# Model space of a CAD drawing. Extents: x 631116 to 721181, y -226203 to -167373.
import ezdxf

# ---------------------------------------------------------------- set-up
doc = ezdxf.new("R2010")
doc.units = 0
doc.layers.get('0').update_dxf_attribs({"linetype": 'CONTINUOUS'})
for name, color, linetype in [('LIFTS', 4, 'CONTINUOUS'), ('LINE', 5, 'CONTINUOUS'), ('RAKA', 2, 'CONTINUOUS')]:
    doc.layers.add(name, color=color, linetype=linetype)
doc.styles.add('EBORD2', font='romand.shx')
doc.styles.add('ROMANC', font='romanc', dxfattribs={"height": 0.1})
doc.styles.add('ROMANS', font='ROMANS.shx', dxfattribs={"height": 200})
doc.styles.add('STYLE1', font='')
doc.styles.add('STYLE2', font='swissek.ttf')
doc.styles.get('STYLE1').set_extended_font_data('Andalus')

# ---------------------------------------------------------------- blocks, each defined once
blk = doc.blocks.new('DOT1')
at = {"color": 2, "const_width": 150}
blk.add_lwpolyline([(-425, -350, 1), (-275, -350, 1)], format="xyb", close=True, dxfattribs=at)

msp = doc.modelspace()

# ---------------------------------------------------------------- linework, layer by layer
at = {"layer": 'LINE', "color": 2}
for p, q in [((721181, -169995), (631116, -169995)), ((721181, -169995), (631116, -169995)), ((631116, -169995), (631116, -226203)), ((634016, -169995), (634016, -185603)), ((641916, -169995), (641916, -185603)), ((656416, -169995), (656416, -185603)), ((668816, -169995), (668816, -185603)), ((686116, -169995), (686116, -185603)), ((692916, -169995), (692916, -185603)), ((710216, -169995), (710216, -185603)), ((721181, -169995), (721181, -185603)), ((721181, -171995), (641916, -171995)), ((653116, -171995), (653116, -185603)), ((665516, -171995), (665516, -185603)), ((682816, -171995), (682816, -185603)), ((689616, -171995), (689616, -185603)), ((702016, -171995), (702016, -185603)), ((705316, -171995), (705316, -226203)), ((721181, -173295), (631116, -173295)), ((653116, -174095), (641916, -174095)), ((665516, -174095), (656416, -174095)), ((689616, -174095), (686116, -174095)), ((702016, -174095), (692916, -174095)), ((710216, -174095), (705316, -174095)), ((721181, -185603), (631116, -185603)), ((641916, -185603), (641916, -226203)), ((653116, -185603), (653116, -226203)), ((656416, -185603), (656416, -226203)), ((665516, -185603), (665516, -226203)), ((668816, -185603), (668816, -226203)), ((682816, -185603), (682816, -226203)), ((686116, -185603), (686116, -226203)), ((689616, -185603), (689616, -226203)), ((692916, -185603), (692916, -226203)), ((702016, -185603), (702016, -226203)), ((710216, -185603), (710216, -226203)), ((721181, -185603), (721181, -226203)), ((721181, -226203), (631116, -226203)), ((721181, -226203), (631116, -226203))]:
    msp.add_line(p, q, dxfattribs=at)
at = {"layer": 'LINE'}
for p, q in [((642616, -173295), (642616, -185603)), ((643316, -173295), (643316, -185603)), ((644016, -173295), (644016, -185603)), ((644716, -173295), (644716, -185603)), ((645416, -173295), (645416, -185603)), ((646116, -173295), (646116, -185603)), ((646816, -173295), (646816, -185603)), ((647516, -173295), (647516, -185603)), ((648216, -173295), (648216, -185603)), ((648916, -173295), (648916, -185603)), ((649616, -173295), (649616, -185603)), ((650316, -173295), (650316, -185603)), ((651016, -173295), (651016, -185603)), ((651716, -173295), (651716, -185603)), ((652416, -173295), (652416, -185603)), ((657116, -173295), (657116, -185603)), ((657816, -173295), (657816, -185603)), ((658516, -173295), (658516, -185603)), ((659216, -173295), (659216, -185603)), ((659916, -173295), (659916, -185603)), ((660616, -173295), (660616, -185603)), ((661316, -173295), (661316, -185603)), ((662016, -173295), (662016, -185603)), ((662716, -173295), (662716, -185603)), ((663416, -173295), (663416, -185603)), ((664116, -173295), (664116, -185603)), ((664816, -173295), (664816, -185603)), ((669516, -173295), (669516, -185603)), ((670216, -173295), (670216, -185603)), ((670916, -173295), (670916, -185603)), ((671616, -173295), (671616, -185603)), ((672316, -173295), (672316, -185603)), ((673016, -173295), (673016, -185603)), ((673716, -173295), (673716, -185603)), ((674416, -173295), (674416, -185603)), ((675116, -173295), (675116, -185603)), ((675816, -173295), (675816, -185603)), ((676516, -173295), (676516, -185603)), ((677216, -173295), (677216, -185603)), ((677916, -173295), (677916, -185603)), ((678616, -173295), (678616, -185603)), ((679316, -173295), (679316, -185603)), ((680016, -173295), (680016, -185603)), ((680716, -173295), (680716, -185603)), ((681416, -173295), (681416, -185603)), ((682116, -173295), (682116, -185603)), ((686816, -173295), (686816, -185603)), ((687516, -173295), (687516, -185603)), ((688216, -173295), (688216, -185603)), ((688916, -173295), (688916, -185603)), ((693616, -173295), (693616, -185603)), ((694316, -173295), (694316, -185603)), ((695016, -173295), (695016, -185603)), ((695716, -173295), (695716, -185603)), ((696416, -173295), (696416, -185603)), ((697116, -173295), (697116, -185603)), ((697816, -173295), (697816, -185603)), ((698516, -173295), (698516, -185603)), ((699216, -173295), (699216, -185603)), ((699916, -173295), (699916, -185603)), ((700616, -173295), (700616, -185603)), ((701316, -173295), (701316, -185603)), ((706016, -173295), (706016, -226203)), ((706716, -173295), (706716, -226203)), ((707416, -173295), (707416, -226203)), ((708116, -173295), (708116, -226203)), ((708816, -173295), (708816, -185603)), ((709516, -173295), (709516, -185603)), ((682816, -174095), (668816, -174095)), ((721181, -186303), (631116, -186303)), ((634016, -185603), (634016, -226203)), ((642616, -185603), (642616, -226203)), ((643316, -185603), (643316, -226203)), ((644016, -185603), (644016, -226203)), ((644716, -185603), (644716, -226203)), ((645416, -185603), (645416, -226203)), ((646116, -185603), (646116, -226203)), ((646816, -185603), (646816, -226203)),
--- --- ---
— EXERCISE BRIEF —
Search the entries above for the word "color" and copy each line where it appears.

— SOLUTION —
for name, color, linetype in [('LIFTS', 4, 'CONTINUOUS'), ('LINE', 5, 'CONTINUOUS'), ('RAKA', 2, 'CONTINUOUS')]:
    doc.layers.add(name, color=color, linetype=linetype)
at = {"color": 2, "const_width": 150}
at = {"layer": 'LINE', "color": 2}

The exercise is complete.